P(B个区间中至少有一个区间中两个结合相等) = 1 - (1 – r^C)^B

　　令r = 0.4，C=3，B = 100。上述公式计算的概率为0.9986585。这表明两个Jaccard相似度为0.4的集合在至少一个区间内冲撞的概率达到了99.9%。根据这一事实，我们只需要选取合适的B和C，和一个冲撞率很低的hash函数，就可以将相似的集合至少在一个区间内冲撞，这样也就达成了本节最开始的目的：将相似的集合放到一起。具体的方法是为B个区间，准备B个hash表，和区间编号一一对应，然后用hash函数将每个区间的部分集合映射到对应hash表里。最后遍历所有的hash表，将冲撞的集合作为候选对象进行比较，找出相识的集合对。整个过程是采用O(n)的时间复杂度，因为B和C均是常量。由于聚到一起的集合相比于整体比较少，所以在这小范围内互相比较的时间开销也可以计算为常量，那么总体的计算时间也是O(n)。

四、代码实现

　　方法一：引用python包datasketch

　　安装：

pip install datasketch

　　使用示例如下：

　　MinHash

from datasketch import MinHash

data1 = ['minhash', 'is', 'a', 'probabilistic', 'data', 'structure', 'for',

        'estimating', 'the', 'similarity', 'between', 'datasets']

data2 = ['minhash', 'is', 'a', 'probability', 'data', 'structure', 'for',

        'estimating', 'the', 'similarity', 'between', 'documents']

m1, m2 = MinHash(), MinHash()

for d in data1:

    m1.update(d.encode('utf8'))

for d in data2:

    m2.update(d.encode('utf8'))

print("Estimated Jaccard for data1 and data2 is", m1.jaccard(m2))

s1 = set(data1)

s2 = set(data2)

actual_jaccard = float(len(s1.intersection(s2)))/float(len(s1.union(s2)))

print("Actual Jaccard for data1 and data2 is", actual_jaccard)

MinHash LSH

from datasketch import MinHash, MinHashLSH

set1 = set(['minhash', 'is', 'a', 'probabilistic', 'data', 'structure', 'for',

            'estimating', 'the', 'similarity', 'between', 'datasets'])

set2 = set(['minhash', 'is', 'a', 'probability', 'data', 'structure', 'for',

            'estimating', 'the', 'similarity', 'between', 'documents'])

set3 = set(['minhash', 'is', 'probability', 'data', 'structure', 'for',

            'estimating', 'the', 'similarity', 'between', 'documents'])

m1 = MinHash(num_perm=128)

m2 = MinHash(num_perm=128)

m3 = MinHash(num_perm=128)

for d in set1:

    m1.update(d.encode('utf8'))

for d in set2:

    m2.update(d.encode('utf8'))

for d in set3:

    m3.update(d.encode('utf8'))

# Create LSH index

lsh = MinHashLSH(threshold=0.5, num_perm=128)

lsh.insert("m2", m2)

lsh.insert("m3", m3)

result = lsh.query(m1)

print("Approximate neighbours with Jaccard similarity > 0.5", result)
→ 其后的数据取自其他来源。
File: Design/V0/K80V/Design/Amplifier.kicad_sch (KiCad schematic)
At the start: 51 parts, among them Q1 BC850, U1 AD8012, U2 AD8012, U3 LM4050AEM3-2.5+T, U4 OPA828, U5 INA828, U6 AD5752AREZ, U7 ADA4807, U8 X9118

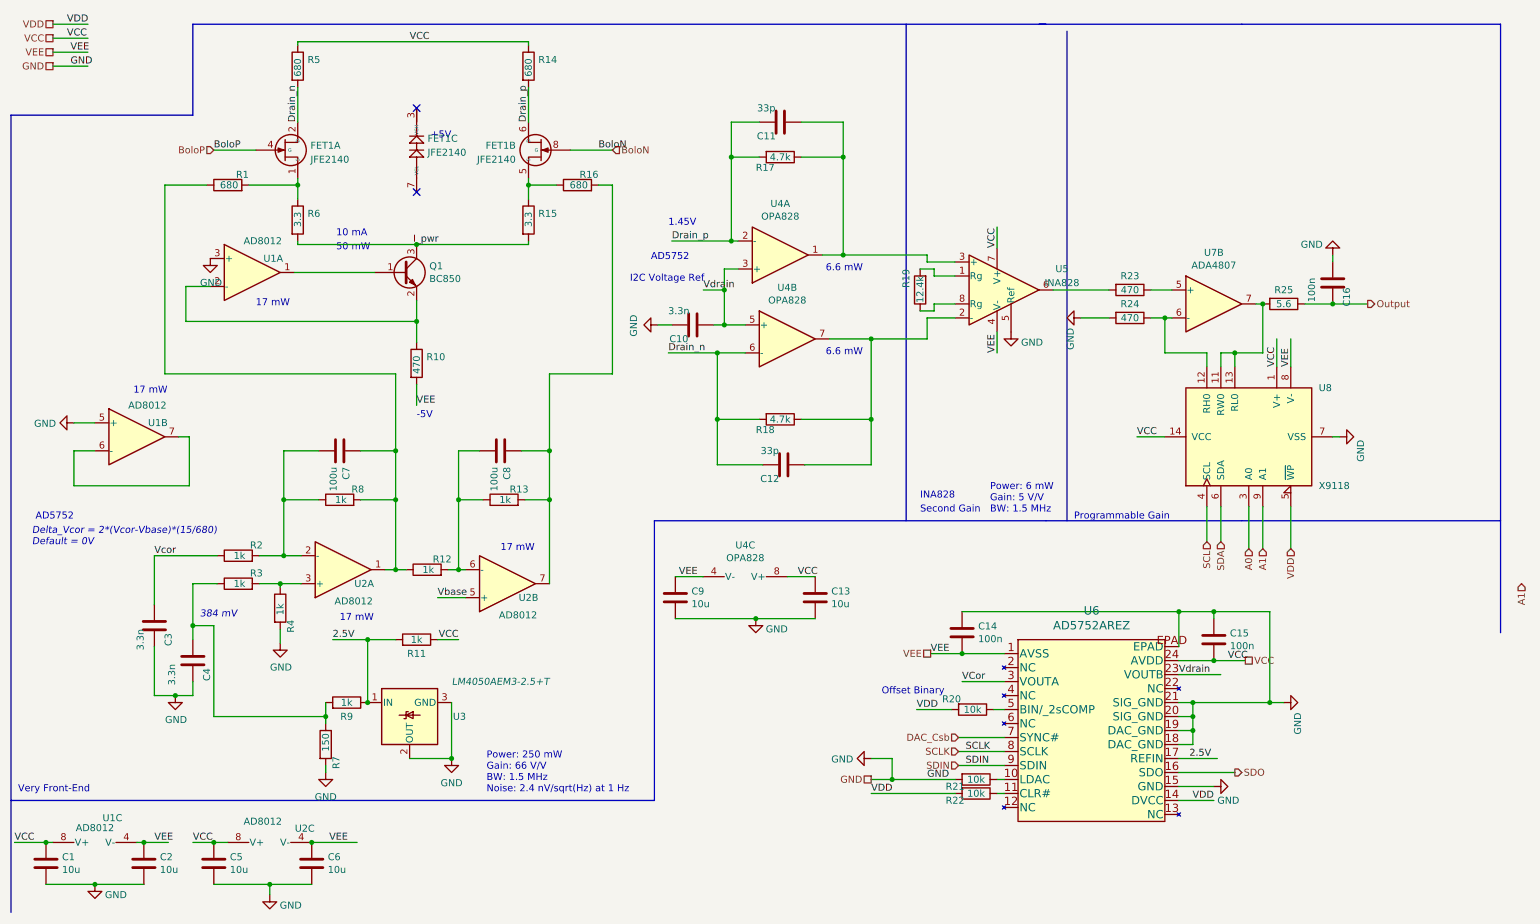
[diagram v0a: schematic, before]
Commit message: Revert "affectation des empreinte aux composants (sauf INA828)"
This reverts commit de148a86d1230cf15cf11b6507912a1ff5f95125.
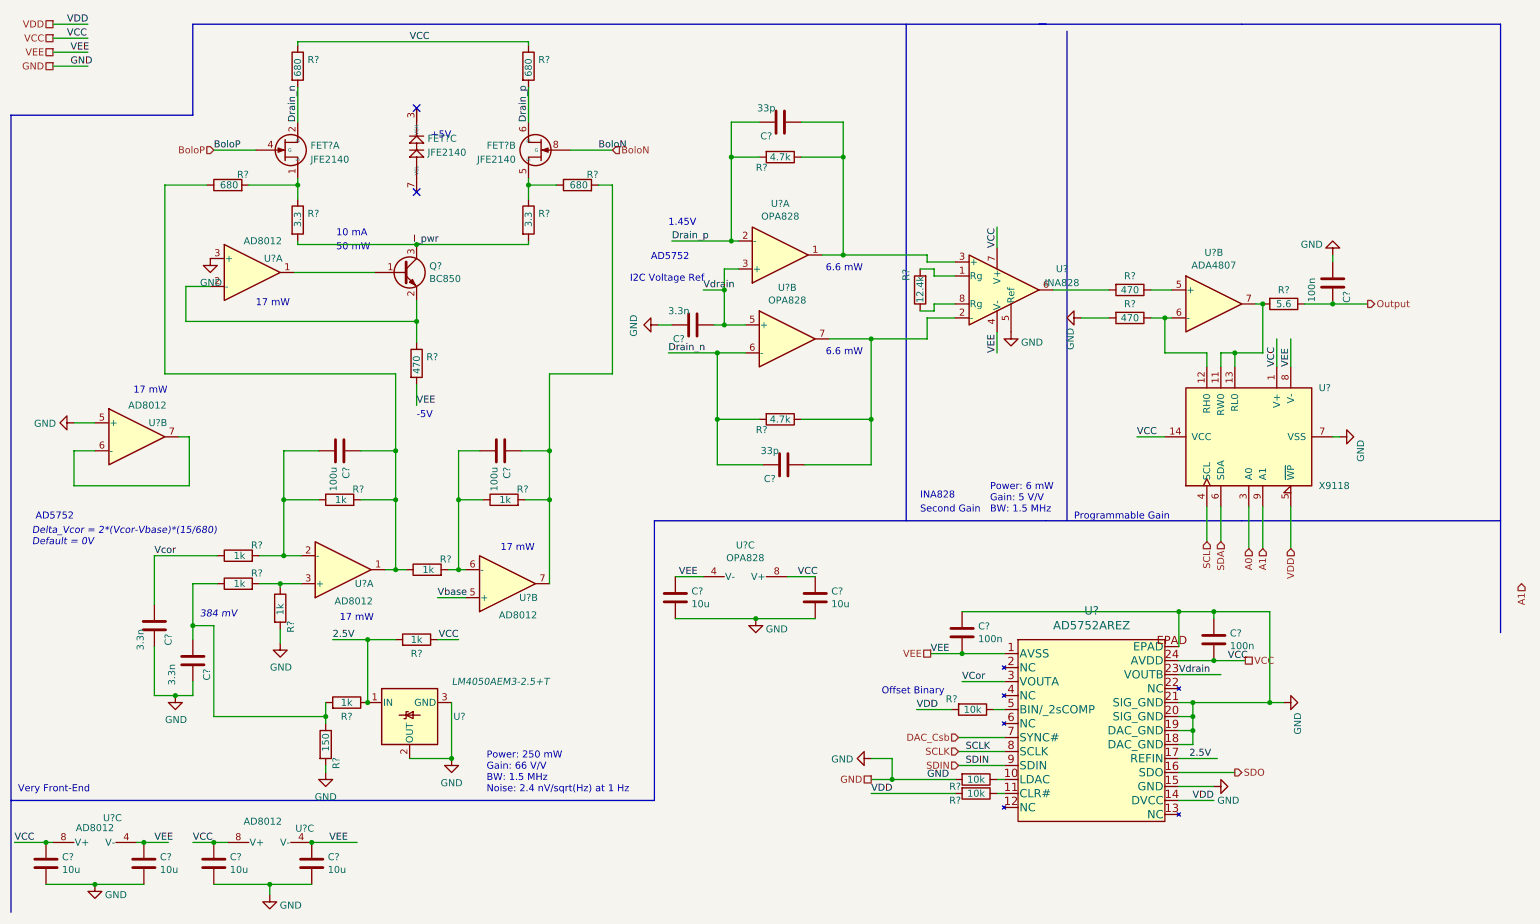
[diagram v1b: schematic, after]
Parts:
- C?: renamed from C11; footprint Capacitor_SMD:C_0805_2012Metric -> Design:C_0805_2012Metric
- C?: renamed from C1; footprint Capacitor_SMD:C_0805_2012Metric -> Design:C_0805_2012Metric
- C?: renamed from C14; footprint Capacitor_SMD:C_0805_2012Metric -> Design:C_0805_2012Metric
- C?: renamed from C13; footprint Capacitor_SMD:C_0805_2012Metric -> Design:C_0805_2012Metric
- C?: renamed from C16; footprint Capacitor_SMD:C_0805_2012Metric -> Design:C_0805_2012Metric
- C?: renamed from C9; footprint Capacitor_SMD:C_0805_2012Metric -> Design:C_0805_2012Metric
- C?: renamed from C12; footprint Capacitor_SMD:C_0805_2012Metric -> Design:C_0805_2012Metric
- C?: renamed from C8; footprint Capacitor_SMD:C_1210_3225Metric -> Design:C_1210_3225Metric
- C?: renamed from C5; footprint Capacitor_SMD:C_0805_2012Metric -> Design:C_0805_2012Metric
- C?: renamed from C3; footprint Capacitor_SMD:C_0805_2012Metric -> Design:C_0805_2012Metric
- C?: renamed from C10; footprint Capacitor_SMD:C_0805_2012Metric -> Design:C_0805_2012Metric
- C?: renamed from C7; footprint Capacitor_SMD:C_1210_3225Metric -> Design:C_1210_3225Metric
- C?: renamed from C2; footprint Capacitor_SMD:C_0805_2012Metric -> Design:C_0805_2012Metric
- C?: renamed from C15; footprint Capacitor_SMD:C_0805_2012Metric -> Design:C_0805_2012Metric
- C?: renamed from C6; footprint Capacitor_SMD:C_0805_2012Metric -> Design:C_0805_2012Metric
- C?: renamed from C4; footprint Capacitor_SMD:C_0805_2012Metric -> Design:C_0805_2012Metric
- R?: renamed from R1; footprint Resistor_SMD:R_MELF_MMB-0207 -> Design:R_MELF_MMB-0207
- R?: renamed from R17; footprint Resistor_SMD:R_MELF_MMB-0207 -> Design:R_MELF_MMB-0207
- R?: renamed from R6; footprint Resistor_SMD:R_MELF_MMB-0207 -> Design:R_MELF_MMB-0207
- R?: renamed from R16; footprint Resistor_SMD:R_MELF_MMB-0207 -> Design:R_MELF_MMB-0207
- R?: renamed from R7; footprint Resistor_SMD:R_MELF_MMB-0207 -> Design:R_MELF_MMB-0207
- R?: renamed from R18; footprint Resistor_SMD:R_MELF_MMB-0207 -> Design:R_MELF_MMB-0207
- R?: renamed from R23; footprint Resistor_SMD:R_0805_2012Metric -> Design:R_0805_2012Metric
- R?: renamed from R9; footprint Resistor_SMD:R_0805_2012Metric -> Design:R_0805_2012Metric
- R?: renamed from R2; footprint Resistor_SMD:R_MELF_MMB-0207 -> Design:R_MELF_MMB-0207
- R?: renamed from R24; footprint Resistor_SMD:R_0805_2012Metric -> Design:R_0805_2012Metric
- R?: renamed from R22; footprint Resistor_SMD:R_0805_2012Metric -> Design:R_0805_2012Metric
- R?: renamed from R4; footprint Resistor_SMD:R_MELF_MMB-0207 -> Design:R_MELF_MMB-0207
- R?: renamed from R3; footprint Resistor_SMD:R_MELF_MMB-0207 -> Design:R_MELF_MMB-0207
- R?: renamed from R13; footprint Resistor_SMD:R_MELF_MMB-0207 -> Design:R_MELF_MMB-0207
- R?: renamed from R14; footprint Resistor_SMD:R_MELF_MMB-0207 -> Design:R_MELF_MMB-0207
- R?: renamed from R5; footprint Resistor_SMD:R_MELF_MMB-0207 -> Design:R_MELF_MMB-0207
- R?: renamed from R21; footprint Resistor_SMD:R_0805_2012Metric -> Design:R_0805_2012Metric
- R?: renamed from R15; footprint Resistor_SMD:R_MELF_MMB-0207 -> Design:R_MELF_MMB-0207
- R?: renamed from R19; footprint Resistor_SMD:R_MELF_MMB-0207 -> Design:R_MELF_MMB-0207
- R?: renamed from R11; footprint Resistor_SMD:R_0805_2012Metric -> Design:R_0805_2012Metric
- R?: renamed from R20; footprint Resistor_SMD:R_0805_2012Metric -> Design:R_0805_2012Metric
- R?: renamed from R25; footprint Resistor_SMD:R_0805_2012Metric -> Design:R_0805_2012Metric
- R?: renamed from R8; footprint Resistor_SMD:R_MELF_MMB-0207 -> Design:R_MELF_MMB-0207
- R?: renamed from R10; footprint Resistor_SMD:R_MELF_MMB-0207 -> Design:R_MELF_MMB-0207
- R?: renamed from R12; footprint Resistor_SMD:R_MELF_MMB-0207 -> Design:R_MELF_MMB-0207
- U?: renamed from U7; footprint Package_SO:MSOP-8_3x3mm_P0.65mm -> Design:MSOP-8_3x3mm_P0.65mm
- U? (x3): renamed from U1; footprint Package_SO:SOIC-8_3.9x4.9mm_P1.27mm -> Design:SOIC-8_3.9x4.9mm_P1.27mm
- U? (x3): renamed from U2; footprint Package_SO:SOIC-8_3.9x4.9mm_P1.27mm -> Design:SOIC-8_3.9x4.9mm_P1.27mm
- U? (x3): renamed from U4; footprint Package_SO:SOIC-8_3.9x4.9mm_P1.27mm -> Design:SOIC-8_3.9x4.9mm_P1.27mm
- U?: renamed from U3; footprint Package_SO:TSOP-6_1.65x3.05mm_P0.95mm -> Design:SOT-23
- U?: renamed from U6; footprint baclet_composants_np:AD5752AREZ -> Design:AD5752AREZ
- U?: renamed from U8; footprint Package_SO:TSSOP-14_4.4x5mm_P0.65mm -> Design:TSSOP-14_4.4x5mm_P0.65mm
- renumbered FET1 to FET?, Q1 to Q?, U5 to U?

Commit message: Revert "Revert "affectation des empreinte aux composants (sauf INA828)""
This reverts commit 838fc88806717458eb0e77e457d551168a8dcae9.
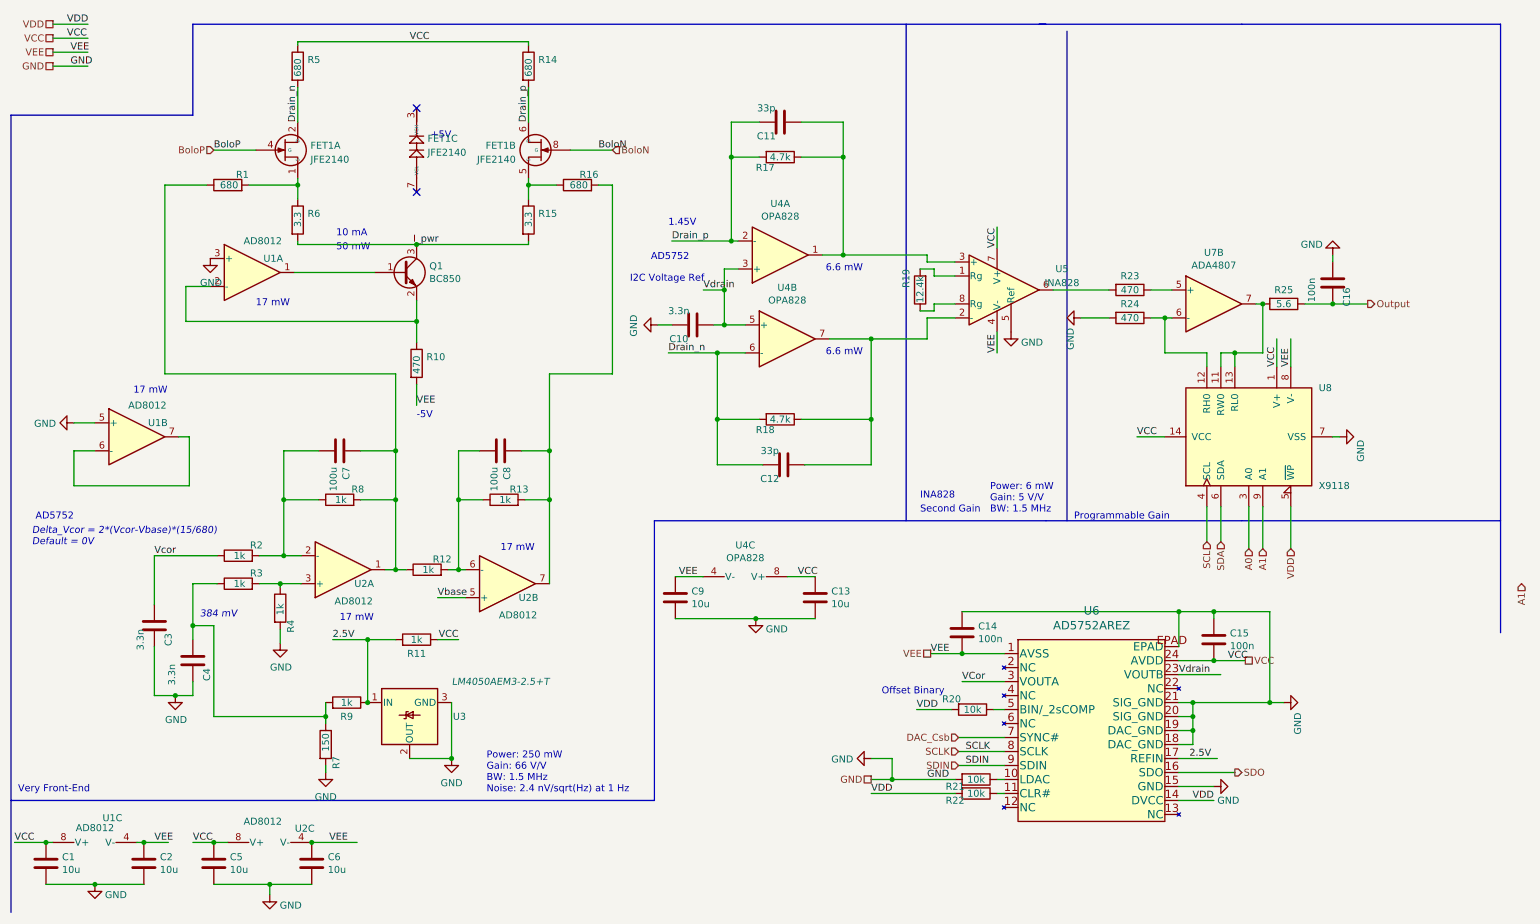
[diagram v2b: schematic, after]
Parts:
- C1, C10, C11, C12, C13, C14, C15, C16, C2, C3, C4, C5, C6, C9: renamed from C?; footprint Design:C_0805_2012Metric -> Capacitor_SMD:C_0805_2012Metric
- C7, C8: renamed from C?; footprint Design:C_1210_3225Metric -> Capacitor_SMD:C_1210_3225Metric
- R1, R10, R12, R13, R14, R15, R16, R17, R18, R19, R2, R3, R4, R5, R6, R7, R8: renamed from R?; footprint Design:R_MELF_MMB-0207 -> Resistor_SMD:R_MELF_MMB-0207
- R11, R20, R21, R22, R23, R24, R25, R9: renamed from R?; footprint Design:R_0805_2012Metric -> Resistor_SMD:R_0805_2012Metric
- U1, U2, U4: renamed from U?; footprint Design:SOIC-8_3.9x4.9mm_P1.27mm -> Package_SO:SOIC-8_3.9x4.9mm_P1.27mm
- U3: renamed from U?; footprint Design:SOT-23 -> Package_SO:TSOP-6_1.65x3.05mm_P0.95mm
- U6: renamed from U?; footprint Design:AD5752AREZ -> baclet_composants_np:AD5752AREZ
- U7: renamed from U?; footprint Design:MSOP-8_3x3mm_P0.65mm -> Package_SO:MSOP-8_3x3mm_P0.65mm
- U8: renamed from U?; footprint Design:TSSOP-14_4.4x5mm_P0.65mm -> Package_SO:TSSOP-14_4.4x5mm_P0.65mm
- gave numbers to parts that had none: 3

MinHash LSH Forest——局部敏感随机投影森林

from datasketch import MinHashLSHForest, MinHash

data1 = ['minhash', 'is', 'a', 'probabilistic', 'data', 'structure', 'for',

        'estimating', 'the', 'similarity', 'between', 'datasets']

data2 = ['minhash', 'is', 'a', 'probability', 'data', 'structure', 'for',

        'estimating', 'the', 'similarity', 'between', 'documents']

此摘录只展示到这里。